The dark interior of this 157-gram piece of Tagish Lake meteorite reveals stone's carbon-rich composition. The small cube to its left is 1 cm on a side.

NASA / Mike Zolensky

Although chemists would have bet money that the black stones teemed with exotic hydrocarbon compounds, analyses turned up a disappointing yield. "We were hoping to find all these amino acids," lamented Iain Gilmour (Open University) after his team's initial tests, "and they're just not there."

But researchers are still ever-so-thankful that Jim Brook happened along so soon after that fateful February day. By having access to the meteorite in an uncontaminated, still-frozen state, a new round of research shows that Tagish Lake has helped solve a longstanding puzzle about the origin of organic material found in primitive objects throughout the solar system.
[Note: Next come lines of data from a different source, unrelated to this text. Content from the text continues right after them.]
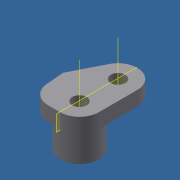
# Autodesk Inventor part: FingerTip_joint _v2
Saved by Autodesk Inventor 2014 SP2 (Build 180246200, 246)
## iProperties
Created: 2014-12-28
Part Number: FingerTip_joint _v2
Material: Generisch
Document SubType Name: Modeling
Designer: 4ndreas
Density: 1 g/cm^3
Appearance: Vorgabe
Mass: 0.472235 g
Surface Area: 6.54171 cm^2
Volume: 0.472235 cm^3
Author: 4ndreas
Autodesk Inventor part; units mm, degrees
ref_plane "YZ Plane" through (0, 0, 0) normal (1, 0, 0) x (0, 1, 0)
ref_plane "XZ Plane" through (0, 0, 0) normal (0, 1, 0) x (-1, 0, 0)
ref_plane "XY Plane" through (0, 0, 0) normal (0, 0, 1) x (1, 0, 0)
sketch "Skizze1" plane through (0, 0, 0) normal (0, 0, 1) x (1, 0, 0)
  circle A0 centre (0, 0) radius 4
  circle A1 centre (0, 8) radius 4
  line L0 (0, 0) -> (0, 8) construction
  line L1 (-4, 8) -> (-4, 0)
  line L2 (4, 0) -> (4, 8)
  dimension "d0" = 8
  dimension "d1" = 8
  dimension "d4" = 8
  constraints: 6 end point, 4 point on circle, 4 tangent, 2 centre point, 1 coincident, 1 vertical
  measures "d0" diameter of A0
  measures "d1" distance of L0.start L0.end
  measures "d4" diameter of A1
extrude "Extrusion1" add sketch "Skizze1" along normal blind 3
ref_plane "Arbeitsebene1" through (0, 8, 0) normal (1, 0, 0) x (0, 0, 1)
sketch "Skizze2" plane through (0, 0, 3) normal (0, 0, 1) x (1, 0, 0)
  arc A0 (-4, 0) -> (4, 0) centre (0, 0) ccw projected
  arc A1 (4, 8) -> (-4, 8) centre (0, 8) ccw projected
hole "Bohrung1" at (0, 8, 3) direction (0, 0, -1) diameter 3 end through all
hole "Bohrung2" at (0, 0, 3) direction (0, 0, -1) diameter 3 end through all
sketch "Skizze3" plane through (0, 0, 3) normal (0, 0, 1) x (1, 0, 0)
  arc A0 (-4, 0) -> (4, 0) centre (0, 0) ccw
  line L0 (4, 0) -> (4, 8)
  arc A1 (4, 8) -> (-4, 8) centre (0, 8) ccw
  line L1 (-6.5, 4) -> (-6.5, -4)
  line L2 (-6.5, -4) -> (0, -4)
  line L3 (-6.5, 4) -> (-3.570815, 9.802575)
  circle A2 centre (0, 0) radius 4 construction
  line L4 (0, 4) -> (-6.5, 4) construction
  circle A3 centre (0, 8) radius 1.5
  arc A4 (-4, 0) -> (4, 0) centre (0, 0) ccw
  circle A5 centre (0, 0) radius 1.5
  dimension "d16" = 6.5
  constraints: 10 end point, 6 point on circle, 3 coincident, 2 centre point, 2 tangent, 1 horizontal, 1 parallel, 1 perpendicular, 1 vertical alignment, 4 other
  measures "d16" distance from line of L1 point (0, 0)
extrude "Extrusion2" add sketch "Skizze3" against normal up to surface (3 mm away)
fillet "Rundung1" radius 4 1 edges at (-6.5, -4, 1.5)
sketch "Skizze4" plane through (0, 0, 0) normal (0, 0, -1) x (-1, 0, 0)
  arc A0 (-4, 0) -> (0, -4) centre (0, 0) ccw
  circle A1 centre (0, 0) radius 1.5
  circle A2 centre (0, 0) radius 4
  line L0 (6.5, 4) -> (0, 4)
  arc A3 (-4, 0) -> (0, -4) centre (0, 0) ccw projected
  circle A4 centre (0, 0) radius 1.5 projected
  point P0 (3.18396, 8.32)
  point P1 (3.97995, 0.4)
  constraints: 2 centre point, 2 coincident, 2 end point, 2 point on circle, 1 concentric, 1 horizontal, 1 vertical alignment, 4 other
sketch "Skizze4 outline for Extrusion3" plane through (0, 0, 0) normal (0, 0, -1) x (-1, 0, 0)
  circle A0 centre (0, 0) radius 4
  circle A1 centre (0, 0) radius 1.5
extrude "Extrusion3" add sketch "Skizze4 outline for Extrusion3" along normal blind 5.5
sketch "Skizze5" plane through (0, 0, 3) normal (0, 0, 1) x (1, 0, 0)
  arc A0 (-6.5, 0) -> (-2.5, -4) centre (-2.5, 0) ccw
  line L0 (-3.570815, 9.802575) -> (-6.5, 4)
  line L1 (-6.5, 4) -> (-6.5, 0)
  line L2 (-6.5, 4) -> (-6.811285, 3.383359)
  line L3 (-6.811285, 3.383359) -> (-6.484779, -0.348623)
  dimension "d26" = 5
  constraints: 4 end point, 1 collinear, 1 point on circle, 1 tangent
  measures "d26" angle of L3 L1
extrude "Extrusion4" add sketch "Skizze5" against normal up to surface (3 mm away)
equation "\"d0\" = Finger_diameter"
equation "\"d1\" = d0"
equation "\"d4\" = d0"
equation "\"d2\" = Join_width"
equation "\"d5\" = bearingHole"
equation "\"d19\" = bearingHole"
equation "\"FingerLaenge_B\" = 25"
equation "\"Hebel_B\" = 25"
equation "\"Finger_width\" = 22"
equation "\"Finger_diameter\" = 8"
equation "\"FingerWall\" = 3"
equation "\"Hebel_basis_2\" = 15"
equation "\"Join_width\" = 3"
equation "\"bearingHole\" = 3"
equation "\"bearingWall\" = 4"
equation "\"support_D\" = 0.25"
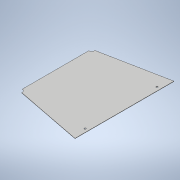
# Autodesk Inventor part: Firewalltrapezoid2
Saved by Autodesk Inventor 2021 (Build 250183000, 183)
## iProperties
Created: 2020-10-29
Part Number: Firewalltrapezoid2
Material: Generic
Document SubType Name: Modeling
Designer: mackeycj
Density: 1 g/cm^3
Appearance: Default
Author: mackeycj
Autodesk Inventor part; units mm, degrees
ref_plane "YZ Plane" through (0, 0, 0) normal (1, 0, 0) x (0, 1, 0)
ref_plane "XZ Plane" through (0, 0, 0) normal (0, 1, 0) x (-1, 0, 0)
ref_plane "XY Plane" through (0, 0, 0) normal (0, 0, 1) x (1, 0, 0)
sketch "Sketch1" plane through (0, 0, 0) normal (0, 1, 0) x (-1, 0, 0)
  line L0 (0, 0) -> (389.255, 0)
  line L1 (0, 0) -> (0, -279.4)
  line L2 (0, 0) -> (0, 279.4)
  line L3 (389.255, 0) -> (389.255, 203.2)
  line L4 (389.255, 0) -> (389.255, -203.2)
  line L5 (389.255, -203.2) -> (0, -279.4)
  line L6 (389.255, 203.2) -> (0, 279.4)
  line L7 (0, 279.4) -> (169.2753, 246.2629)
  line L8 (169.2753, 246.2629) -> (296.4024, 221.3767)
  circle A0 centre (389.255, 203.2) radius 15.875
  circle A1 centre (389.255, -203.2) radius 15.875
  line L9 (0, -279.4) -> (169.2753, -246.2629)
  line L10 (169.2753, -246.2629) -> (296.4024, -221.3767)
  point P0 (373.6757, -206.2498)
  point P1 (389.255, -187.325)
  point P2 (389.255, 187.325)
  point P3 (373.6757, 206.2498)
  dimension "d12" = 389.255
  dimension "d13" = 279.4
  dimension "d14" = 279.4
  dimension "d15" = 203.2
  dimension "d16" = 203.2
  dimension "d23" = 31.75
  dimension "d24" = 31.75
  dimension "d26" = 129.54
  constraints: 22 end point, 4 point on line, 4 vertical, 3 coincident, 2 centre point, 1 horizontal
  measures "d12" distance of L0.start L0.end
  measures "d13" distance of L0.start L1.end
  measures "d14" distance of L0.start L2.end
  measures "d15" distance of L0.end L3.end
  measures "d16" distance of L0.end L4.end
  measures "d23" diameter of A0
  measures "d24" diameter of A1
  measures "d26" distance of L9.end L10.end
extrude "Extrusion1" add sketch "Sketch1" along normal blind 1.524 contours L2 L6 A0 L3 L0 | L0 L4 A1 L5 L1
sketch "Sketch2" plane through (0, 0, 0) normal (0, 1, 0) x (-1, 0, 0)
  line L0 (0, 0) -> (0, 203.2)
  line L1 (0, 279.4) -> (0, -279.4) projected
  line L2 (0, 203.2) -> (19.05, 203.2)
  circle A0 centre (19.05, 203.2) radius 4.7625
  line L3 (0, 0) -> (0, -203.2)
  line L4 (0, -203.2) -> (19.05, -203.2)
  circle A1 centre (19.05, -203.2) radius 4.7625
  line L5 (389.255, -187.325) -> (389.255, 187.325) projected
  line L6 (389.255, 0) -> (389.255, 203.2)
  line L7 (389.255, 203.2) -> (370.205, 203.2)
  line L8 (389.255, 0) -> (389.255, -203.2)
  line L9 (389.255, -203.2) -> (370.205, -203.2)
  dimension "d29" = 203.2
  dimension "d30" = 19.05
  dimension "d31" = 9.525
  dimension "d32" = 203.2
  dimension "d33" = 19.05
  dimension "d34" = 9.525
  dimension "d35" = 203.2
  dimension "d36" = 19.05
  dimension "d37" = 203.2
  dimension "d38" = 19.05
  constraints: 16 end point, 4 perpendicular, 4 point on line, 2 centre point, 2 coincident, 1 midpoint
  measures "d29" distance of L0.start L0.end
  measures "d30" distance of L0.end L2.end
  measures "d31" diameter of A0
  measures "d32" distance of L0.start L3.end
  measures "d33" distance of L3.end L4.end
  measures "d34" diameter of A1
  measures "d35" distance of L6.start L6.end
  measures "d36" distance of L6.end L7.end
  measures "d37" distance of L6.start L8.end
  measures "d38" distance of L8.end L9.end
extrude "Extrusion2" cut sketch "Sketch2" along normal blind 25.4
body "Solid1"
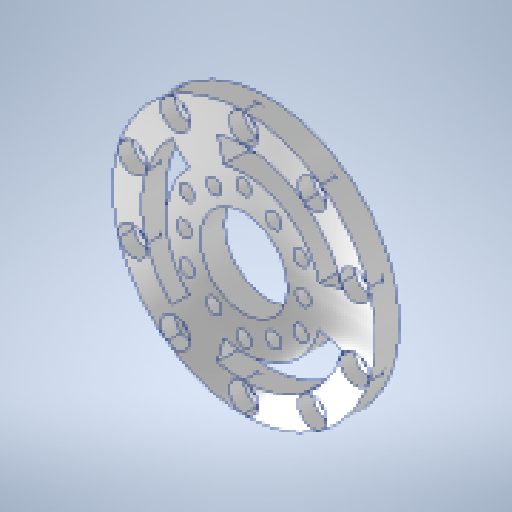
# Autodesk Inventor part: link2part2
Saved by Autodesk Inventor 2024 (Build 280153000, 153)
## iProperties
Created: 2025-02-08
Part Number: link2part2
Material: アルミニウム 6061
Document SubType Name: Modeling
Designer: tanoue_kota
Density: 2.7 g/cm^3
Appearance: アルミニウム - フラット
Mass: 17.6775 g
Surface Area: 63.6498 cm^2
Volume: 6.54724 cm^3
Author: tanoue_kota
Autodesk Inventor part; units mm, degrees
ref_plane "YZ Plane" through (0, 0, 0) normal (1, 0, 0) x (0, 1, 0)
ref_plane "XZ Plane" through (0, 0, 0) normal (0, 1, 0) x (-1, 0, 0)
ref_plane "XY Plane" through (0, 0, 0) normal (0, 0, 1) x (1, 0, 0)
sketch "スケッチ1" plane through (0, 0, 0) normal (0, 0, 1) x (1, 0, 0)
  circle A0 centre (0, 0) radius 13.5
  circle A1 centre (0, 0) radius 27
  dimension "d0" = 27
  dimension "d1" = 54
  constraints: 2 centre point, 2 coincident
  measures "d0" diameter of A0
  measures "d1" diameter of A1
sketch "スケッチ1 outline for 押し出し1" plane through (0, 0, 0) normal (0, 0, 1) x (1, 0, 0)
  circle A0 centre (0, 0) radius 27
extrude "押し出し1" add sketch "スケッチ1 outline for 押し出し1" along normal blind 5
sketch "スケッチ2" plane through (0, 0, 5) normal (0, 0, 1) x (1, 0, 0)
  circle A0 centre (0, 0) radius 13.5
  circle A1 centre (0, 0) radius 12.23
  line L0 (0, 13.5) -> (0, 0)
  line L1 (0, 0) -> (6.115, 10.591491)
  point P0 (-11.691343, 6.75)
  point P1 (-11.691343, -6.75)
  point P2 (0, -13.5)
  point P3 (11.691343, -6.75)
  point P4 (11.691343, 6.75)
  point P5 (6.115, 10.591491)
  point P6 (-6.115, 10.591491)
  point P7 (-12.23, 0)
  point P8 (-6.115, -10.591491)
  point P9 (6.115, -10.591491)
  point P10 (12.23, 0)
  dimension "d4" = 27
  dimension "d9" = 24.46
  dimension "d7" = 360
  dimension "d10" = 30
  dimension "d13" = 360
  constraints: 4 end point, 3 coincident, 1 vertical, 1 vertical alignment, 19 other
  measures "d10" angle of L0 L1
hole "穴1" at (0, 13.5, 5) at (-11.691343, 6.75, 5) at (-11.691343, -6.75, 5) at (0, -13.5, 5) at (11.691343, -6.75, 5) at (11.691343, 6.75, 5) at (6.115, 10.591491, 5) at (-6.115, 10.591491, 5) at (-12.23, 0, 5) at (-6.115, -10.591491, 5) at (6.115, -10.591491, 5) at (12.23, 0, 5) direction (0, 0, -1) diameter 3.2 end through all
sketch "スケッチ3" plane through (0, 0, 0) normal (0, 0, -1) x (-1, 0, 0)
  line L0 (0, 0) -> (0, -24)
  point P0 (14.106846, -19.416408)
  point P1 (22.825356, -7.416408)
  point P2 (22.825356, 7.416408)
  point P3 (14.106846, 19.416408)
  point P4 (0, 24)
  point P5 (-14.106846, 19.416408)
  point P6 (-22.825356, 7.416408)
  point P7 (-22.825356, -7.416408)
  point P8 (-14.106846, -19.416408)
  dimension "d65" = 24
  dimension "d68" = 360
  constraints: 2 coincident, 2 end point, 1 vertical, 11 other
  measures "d65" distance of L0.start L0.end
hole "穴2" at (-14.106846, -19.416408, 0) at (-22.825356, -7.416408, 0) at (-22.825356, 7.416408, 0) at (-14.106846, 19.416408, 0) at (0, 24, 0) at (14.106846, 19.416408, 0) at (22.825356, 7.416408, 0) at (22.825356, -7.416408, 0) at (14.106846, -19.416408, 0) at (0, -24, 0) direction (0, 0, 1) diameter 3.2 depth 20 tip angle 118
sketch "スケッチ4" plane through (0, 0, 0) normal (0, 0, -1) x (-1, 0, 0)
  circle A0 centre (0, 0) radius 9
  circle A1 centre (0, 0) radius 21
  circle A2 centre (0, 0) radius 16
  line L0 (-21, 0) -> (0, 0)
  line L1 (0, 0) -> (-20.284442, 5.4352)
  line L2 (0, 0) -> (-20.284442, -5.4352)
  line L3 (0, 0) -> (14.849242, -14.849242)
  line L4 (0, 0) -> (5.4352, -20.284442)
  line L5 (0, 0) -> (5.4352, 20.284442)
  line L6 (0, 0) -> (14.849242, 14.849242)
  point P0 (14.849242, 14.849242)
  point P1 (11.313708, 11.313708)
  point P2 (11.313708, -11.313708)
  point P3 (14.849242, -14.849242)
  point P4 (4.141105, 15.454813)
  point P5 (5.4352, 20.284442)
  point P6 (-15.454813, 4.141105)
  point P7 (5.4352, -20.284442)
  point P8 (4.141105, -15.454813)
  point P9 (-15.454813, -4.141105)
  point P10 (-20.284442, -5.4352)
  dimension "d39" = 18
  dimension "d40" = 42
  dimension "d41" = 32
  dimension "d42" = 15
  dimension "d45" = 360
  constraints: 14 end point, 3 centre point, 3 coincident, 2 point on circle, 1 horizontal, 1 symmetric about line, 16 other
  measures "d39" diameter of A0
  measures "d40" diameter of A1
  measures "d41" diameter of A2
  measures "d42" angle of L0 L1
sketch "スケッチ4 outline for 押し出し2" plane through (0, 0, 0) normal (0, 0, -1) x (-1, 0, 0)
  line L0 (14.849242, 14.849242) -> (11.313708, 11.313708)
  arc A0 (14.849242, -14.849242) -> (14.849242, 14.849242) centre (0, 0) ccw
  line L1 (11.313708, -11.313708) -> (14.849242, -14.849242)
  arc A1 (11.313708, 11.313708) -> (11.313708, -11.313708) centre (0, 0) cw
  line L2 (4.141105, 15.454813) -> (5.4352, 20.284442)
  arc A2 (-15.454813, 4.141105) -> (4.141105, 15.454813) centre (0, 0) cw
  line L3 (-20.284442, 5.4352) -> (-15.454813, 4.141105)
  arc A3 (5.4352, 20.284442) -> (-20.284442, 5.4352) centre (0, 0) ccw
  line L4 (5.4352, -20.284442) -> (4.141105, -15.454813)
  arc A4 (-20.284442, -5.4352) -> (5.4352, -20.284442) centre (0, 0) ccw
  line L5 (-15.454813, -4.141105) -> (-20.284442, -5.4352)
  arc A5 (4.141105, -15.454813) -> (-15.454813, -4.141105) centre (0, 0) cw
  circle A6 centre (0, 0) radius 9
extrude "押し出し2" cut sketch "スケッチ4 outline for 押し出し2" against normal blind 5
sketch "スケッチ6" plane through (0, 0, 5) normal (0, 0, 1) x (1, 0, 0)
  circle A0 centre (0, -24) radius 1.6
  circle A1 centre (0, -24) radius 3
  circle A2 centre (14.106846, -19.416408) radius 3
  circle A3 centre (22.825356, -7.416408) radius 3
  circle A4 centre (22.825356, 7.416408) radius 3
  circle A5 centre (14.106846, 19.416408) radius 3
  circle A6 centre (0, 24) radius 3
  circle A7 centre (-14.106846, 19.416408) radius 3
  circle A8 centre (-22.825356, 7.416408) radius 3
  circle A9 centre (-22.825356, -7.416408) radius 3
  circle A10 centre (-14.106846, -19.416408) radius 3
  point P0 (0, 0)
  dimension "d70" = 6
  dimension "d73" = 360
  constraints: 10 centre point, 1 coincident, 21 other
  measures "d70" diameter of A1
sketch "スケッチ6 outline for 押し出し4" plane through (0, 0, 5) normal (0, 0, 1) x (1, 0, 0)
  circle A0 centre (14.106846, -19.416408) radius 3
  circle A1 centre (22.825356, -7.416408) radius 3
  circle A2 centre (22.825356, 7.416408) radius 3
  circle A3 centre (14.106846, 19.416408) radius 3
  circle A4 centre (0, 24) radius 3
  circle A5 centre (-14.106846, 19.416408) radius 3
  circle A6 centre (-22.825356, 7.416408) radius 3
  circle A7 centre (-22.825356, -7.416408) radius 3
  circle A8 centre (-14.106846, -19.416408) radius 3
  circle A9 centre (0, -24) radius 3
extrude "押し出し4" cut sketch "スケッチ6 outline for 押し出し4" against normal blind 3
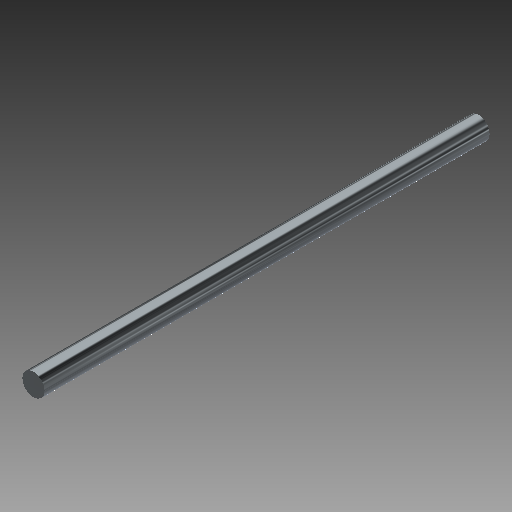
# Autodesk Inventor part: 275-1272
Saved by Autodesk Inventor 2018 (Build 220112000, 112)
## iProperties
Category: Structure
Company: Autodesk Inc.
Created: 2012-02-08
Part Number: 275-1272
Document SubType Name: Modeling
Designer: Autodesk Inc.
Density: 7.85 g/cm^3
Material: Steel
Catalog Web Link: http://www.vexrobotics.com/products/accessories/structure?ref=side
Vendor: VEX
Mass: 3.94658 g
Surface Area: 6.49219 cm^2
Volume: 0.502749 cm^3
Appearance: Zinc
Author: Autodesk Inc.
Autodesk Inventor part; units mm, degrees
ref_plane "YZ Plane" through (0, 0, 0) normal (1, 0, 0) x (0, 1, 0)
ref_plane "XZ Plane" through (0, 0, 0) normal (0, 1, 0) x (-1, 0, 0)
ref_plane "XY Plane" through (0, 0, 0) normal (0, 0, 1) x (1, 0, 0)
sketch "Sketch1" plane through (0, 0, 0) normal (0, 0, 1) x (1, 0, 0)
  circle A0 centre (0, 0) radius 1.5875
  dimension "d0" = 3.175
  constraints: 1 centre point, 1 coincident
  measures "d0" diameter of A0
extrude "Extrusion1" add sketch "Sketch1" against normal blind 63.5
body "Solid1"

In the June 10th issue of Science, a team led by Christopher Herd (University of Alberta) reports that various amino acids are present in four carefully analyzed Tagish Lake samples at only a few parts per million, with many undetectable at even 1 part per billion. Instead, much of the organic content is in the form of monocarboxylic acids, or MCAs, the types of which showed wide variations from stone to stone.

Rather than being due to differing primeval mixtures, Herd's team believes that this diverse organic menu was cooked up within the meteorite's parent body, influenced solely by how much the compounds were exposed to liquid water and to modest heat (no higher than 240°F) from rapid-decaying radioisotopes such as aluminum-26.

"What we're saying is that amino acids are actually the result of the geology happening on the asteroid," Herd told the Canadian Broadcast Centre. Moreover, the water and warmth present in the parent asteroid's interior — not to mention the shielding it provided from space radiation — likely provided better conditions for chemical synthesis than would exist in interstellar space.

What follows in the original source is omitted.